__Problem statement__.
Look through the data below and extract, unchanged, the lines from the one that contains "#65=CYLINDRICAL_SURFACE('',#64,57.5);" to the one that contains "#121=LINE('',#120,#119);", both included.

Segment Open

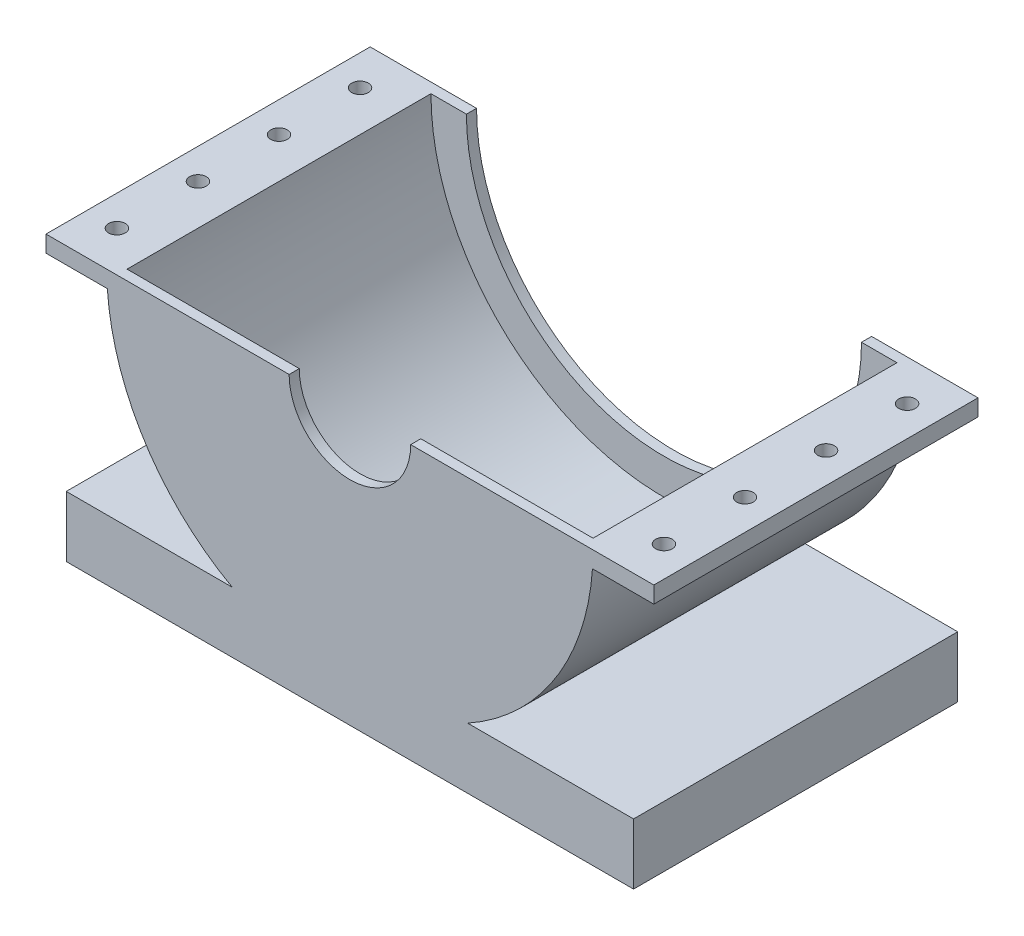
ISO-10303-21;
HEADER;
FILE_DESCRIPTION(('STEP AP214'),'2;1');
FILE_NAME('part.step','',(''),(''),'','','');
FILE_SCHEMA(('AUTOMOTIVE_DESIGN { 1 0 10303 214 1 1 1 1 }'));
ENDSEC;
DATA;
#1=APPLICATION_CONTEXT('core data for automotive mechanical design processes');
#2=APPLICATION_PROTOCOL_DEFINITION('international standard','automotive_design',2000,#1);
#3=PRODUCT_CONTEXT('',#1,'mechanical');
#4=PRODUCT('Part','Part','',(#3));
#5=PRODUCT_RELATED_PRODUCT_CATEGORY('part','',(#4));
#6=PRODUCT_DEFINITION_FORMATION('','',#4);
#7=PRODUCT_DEFINITION_CONTEXT('part definition',#1,'design');
#8=PRODUCT_DEFINITION('design','',#6,#7);
#9=PRODUCT_DEFINITION_SHAPE('','',#8);
#10=(LENGTH_UNIT() NAMED_UNIT(*) SI_UNIT(.MILLI.,.METRE.));
#11=(NAMED_UNIT(*) PLANE_ANGLE_UNIT() SI_UNIT($,.RADIAN.));
#12=(NAMED_UNIT(*) SI_UNIT($,.STERADIAN.) SOLID_ANGLE_UNIT());
#13=UNCERTAINTY_MEASURE_WITH_UNIT(LENGTH_MEASURE(1.E-05),#10,'distance_accuracy_value','');
#14=(GEOMETRIC_REPRESENTATION_CONTEXT(3) GLOBAL_UNCERTAINTY_ASSIGNED_CONTEXT((#13)) GLOBAL_UNIT_ASSIGNED_CONTEXT((#10,
#11,#12)) REPRESENTATION_CONTEXT('',''));
#15=CARTESIAN_POINT('',(0.,0.,0.));
#16=DIRECTION('',(0.,0.,1.));
#17=DIRECTION('',(1.,0.,0.));
#18=AXIS2_PLACEMENT_3D('',#15,#16,#17);
#19=CARTESIAN_POINT('',(0.,67.5,80.));
#20=DIRECTION('',(0.,0.,-1.));
#21=DIRECTION('',(-1.,0.,0.));
#22=AXIS2_PLACEMENT_3D('',#19,#20,#21);
#23=CYLINDRICAL_SURFACE('',#22,60.);
#24=CARTESIAN_POINT('',(0.,67.5,80.));
#25=DIRECTION('',(0.,0.,-1.));
#26=DIRECTION('',(-1.,0.,0.));
#27=AXIS2_PLACEMENT_3D('',#24,#25,#26);
#28=CIRCLE('',#27,60.);
#29=CARTESIAN_POINT('',(-29.0473750965557,15.,80.));
#30=VERTEX_POINT('',#29);
#31=CARTESIAN_POINT('',(-59.8597527559211,63.4,80.));
#32=VERTEX_POINT('',#31);
#33=EDGE_CURVE('E52',#30,#32,#28,.T.);
#34=ORIENTED_EDGE('',*,*,#33,.T.);
#35=DIRECTION('',(0.,0.,-1.));
#36=VECTOR('',#35,1.);
#37=CARTESIAN_POINT('',(-59.8597527559211,63.4,80.));
#38=LINE('',#37,#36);
#39=CARTESIAN_POINT('',(-59.8597527559211,63.4,0.));
#40=VERTEX_POINT('',#39);
#41=EDGE_CURVE('E47',#40,#32,#38,.F.);
#42=ORIENTED_EDGE('',*,*,#41,.F.);
#43=CARTESIAN_POINT('',(0.,67.5,0.));
#44=DIRECTION('',(0.,0.,-1.));
#45=DIRECTION('',(-1.,0.,0.));
#46=AXIS2_PLACEMENT_3D('',#43,#44,#45);
#47=CIRCLE('',#46,60.);
#48=CARTESIAN_POINT('',(-29.0473750965556,15.,0.));
#49=VERTEX_POINT('',#48);
#50=EDGE_CURVE('E281',#49,#40,#47,.T.);
#51=ORIENTED_EDGE('',*,*,#50,.F.);
#52=DIRECTION('',(0.,0.,-1.));
#53=VECTOR('',#52,1.);
#54=CARTESIAN_POINT('',(-29.0473750965557,15.,80.));
#55=LINE('',#54,#53);
#56=EDGE_CURVE('E314',#30,#49,#55,.T.);
#57=ORIENTED_EDGE('',*,*,#56,.F.);
#58=EDGE_LOOP('',(#34,#42,#51,#57));
#59=FACE_BOUND('',#58,.T.);
#60=ADVANCED_FACE('F32',(#59),#23,.T.);
#61=CARTESIAN_POINT('',(0.,67.5,80.));
#62=DIRECTION('',(0.,0.,-1.));
#63=DIRECTION('',(-1.,0.,0.));
#64=AXIS2_PLACEMENT_3D('',#61,#62,#63);
#65=CYLINDRICAL_SURFACE('',#64,57.5);
#66=DIRECTION('',(0.,0.,-1.));
#67=VECTOR('',#66,1.);
#68=CARTESIAN_POINT('',(-57.5,67.5,80.));
#69=LINE('',#68,#67);
#70=CARTESIAN_POINT('',(-57.5,67.5,77.5));
#71=VERTEX_POINT('',#70);
#72=CARTESIAN_POINT('',(-57.5,67.5,2.5));
#73=VERTEX_POINT('',#72);
#74=EDGE_CURVE('E285',#71,#73,#69,.T.);
#75=ORIENTED_EDGE('',*,*,#74,.F.);
#76=CARTESIAN_POINT('',(0.,67.5,77.5));
#77=DIRECTION('',(0.,0.,1.));
#78=DIRECTION('',(1.,0.,0.));
#79=AXIS2_PLACEMENT_3D('',#76,#77,#78);
#80=CIRCLE('',#79,57.5);
#81=CARTESIAN_POINT('',(57.5,67.5,77.5));
#82=VERTEX_POINT('',#81);
#83=EDGE_CURVE('E232',#71,#82,#80,.T.);
#84=ORIENTED_EDGE('',*,*,#83,.T.);
#85=DIRECTION('',(0.,0.,-1.));
#86=VECTOR('',#85,1.);
#87=CARTESIAN_POINT('',(57.5,67.5,80.));
#88=LINE('',#87,#86);
#89=CARTESIAN_POINT('',(57.5,67.5,2.5));
#90=VERTEX_POINT('',#89);
#91=EDGE_CURVE('E279',#82,#90,#88,.T.);
#92=ORIENTED_EDGE('',*,*,#91,.T.);
#93=CARTESIAN_POINT('',(0.,67.5,2.5));
#94=DIRECTION('',(0.,0.,-1.));
#95=DIRECTION('',(-1.,0.,0.));
#96=AXIS2_PLACEMENT_3D('',#93,#94,#95);
#97=CIRCLE('',#96,57.5);
#98=EDGE_CURVE('E258',#90,#73,#97,.T.);
#99=ORIENTED_EDGE('',*,*,#98,.T.);
#100=EDGE_LOOP('',(#75,#84,#92,#99));
#101=FACE_BOUND('',#100,.T.);
#102=ADVANCED_FACE('F351',(#101),#65,.F.);
#103=CARTESIAN_POINT('',(-70.,0.,80.));
#104=DIRECTION('',(1.,0.,0.));
#105=DIRECTION('',(0.,0.,-1.));
#106=AXIS2_PLACEMENT_3D('',#103,#104,#105);
#107=PLANE('',#106);
#108=DIRECTION('',(0.,-1.,0.));
#109=VECTOR('',#108,1.);
#110=CARTESIAN_POINT('',(-70.,0.,0.));
#111=LINE('',#110,#109);
#112=CARTESIAN_POINT('',(-70.,15.,0.));
#113=VERTEX_POINT('',#112);
#114=CARTESIAN_POINT('',(-70.,0.,0.));
#115=VERTEX_POINT('',#114);
#116=EDGE_CURVE('E287',#113,#115,#111,.T.);
#117=ORIENTED_EDGE('',*,*,#116,.T.);
#118=DIRECTION('',(0.,0.,-1.));
#119=VECTOR('',#118,1.);
#120=CARTESIAN_POINT('',(-70.,0.,80.));
#121=LINE('',#120,#119);
#122=CARTESIAN_POINT('',(-70.,0.,80.));
#123=VERTEX_POINT('',#122);
#124=EDGE_CURVE('E11',#123,#115,#121,.T.);
#125=ORIENTED_EDGE('',*,*,#124,.F.);
#126=DIRECTION('',(0.,-1.,0.));
#127=VECTOR('',#126,1.);
#128=CARTESIAN_POINT('',(-70.,0.,80.));
#129=LINE('',#128,#127);
#130=CARTESIAN_POINT('',(-70.,15.,80.));
#131=VERTEX_POINT('',#130);
#132=EDGE_CURVE('E289',#131,#123,#129,.T.);
#133=ORIENTED_EDGE('',*,*,#132,.F.);
#134=DIRECTION('',(0.,0.,-1.));
#135=VECTOR('',#134,1.);
#136=CARTESIAN_POINT('',(-70.,15.,80.));
#137=LINE('',#136,#135);
#138=EDGE_CURVE('E301',#131,#113,#137,.T.);
#139=ORIENTED_EDGE('',*,*,#138,.T.);
#140=EDGE_LOOP('',(#117,#125,#133,#139));
#141=FACE_BOUND('',#140,.T.);
#142=ADVANCED_FACE('F34',(#141),#107,.F.);
#143=CARTESIAN_POINT('',(-70.,0.,80.));
#144=DIRECTION('',(0.,1.,0.));
#145=DIRECTION('',(0.,0.,1.));
#146=AXIS2_PLACEMENT_3D('',#143,#144,#145);
#147=PLANE('',#146);
#148=DIRECTION('',(1.,0.,0.));
#149=VECTOR('',#148,1.);
#150=CARTESIAN_POINT('',(-70.,0.,0.));
#151=LINE('',#150,#149);
#152=CARTESIAN_POINT('',(70.,0.,0.));
#153=VERTEX_POINT('',#152);
#154=EDGE_CURVE('E304',#115,#153,#151,.T.);
#155=ORIENTED_EDGE('',*,*,#154,.T.);
#156=DIRECTION('',(0.,0.,-1.));
#157=VECTOR('',#156,1.);
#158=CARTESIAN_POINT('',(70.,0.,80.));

Segment Closed

__Exercise answer__.
#65=CYLINDRICAL_SURFACE('',#64,57.5);
#66=DIRECTION('',(0.,0.,-1.));
#67=VECTOR('',#66,1.);
#68=CARTESIAN_POINT('',(-57.5,67.5,80.));
#69=LINE('',#68,#67);
#70=CARTESIAN_POINT('',(-57.5,67.5,77.5));
#71=VERTEX_POINT('',#70);
#72=CARTESIAN_POINT('',(-57.5,67.5,2.5));
#73=VERTEX_POINT('',#72);
#74=EDGE_CURVE('E285',#71,#73,#69,.T.);
#75=ORIENTED_EDGE('',*,*,#74,.F.);
#76=CARTESIAN_POINT('',(0.,67.5,77.5));
#77=DIRECTION('',(0.,0.,1.));
#78=DIRECTION('',(1.,0.,0.));
#79=AXIS2_PLACEMENT_3D('',#76,#77,#78);
#80=CIRCLE('',#79,57.5);
#81=CARTESIAN_POINT('',(57.5,67.5,77.5));
#82=VERTEX_POINT('',#81);
#83=EDGE_CURVE('E232',#71,#82,#80,.T.);
#84=ORIENTED_EDGE('',*,*,#83,.T.);
#85=DIRECTION('',(0.,0.,-1.));
#86=VECTOR('',#85,1.);
#87=CARTESIAN_POINT('',(57.5,67.5,80.));
#88=LINE('',#87,#86);
#89=CARTESIAN_POINT('',(57.5,67.5,2.5));
#90=VERTEX_POINT('',#89);
#91=EDGE_CURVE('E279',#82,#90,#88,.T.);
#92=ORIENTED_EDGE('',*,*,#91,.T.);
#93=CARTESIAN_POINT('',(0.,67.5,2.5));
#94=DIRECTION('',(0.,0.,-1.));
#95=DIRECTION('',(-1.,0.,0.));
#96=AXIS2_PLACEMENT_3D('',#93,#94,#95);
#97=CIRCLE('',#96,57.5);
#98=EDGE_CURVE('E258',#90,#73,#97,.T.);
#99=ORIENTED_EDGE('',*,*,#98,.T.);
#100=EDGE_LOOP('',(#75,#84,#92,#99));
#101=FACE_BOUND('',#100,.T.);
#102=ADVANCED_FACE('F351',(#101),#65,.F.);
#103=CARTESIAN_POINT('',(-70.,0.,80.));
#104=DIRECTION('',(1.,0.,0.));
#105=DIRECTION('',(0.,0.,-1.));
#106=AXIS2_PLACEMENT_3D('',#103,#104,#105);
#107=PLANE('',#106);
#108=DIRECTION('',(0.,-1.,0.));
#109=VECTOR('',#108,1.);
#110=CARTESIAN_POINT('',(-70.,0.,0.));
#111=LINE('',#110,#109);
#112=CARTESIAN_POINT('',(-70.,15.,0.));
#113=VERTEX_POINT('',#112);
#114=CARTESIAN_POINT('',(-70.,0.,0.));
#115=VERTEX_POINT('',#114);
#116=EDGE_CURVE('E287',#113,#115,#111,.T.);
#117=ORIENTED_EDGE('',*,*,#116,.T.);
#118=DIRECTION('',(0.,0.,-1.));
#119=VECTOR('',#118,1.);
#120=CARTESIAN_POINT('',(-70.,0.,80.));
#121=LINE('',#120,#119);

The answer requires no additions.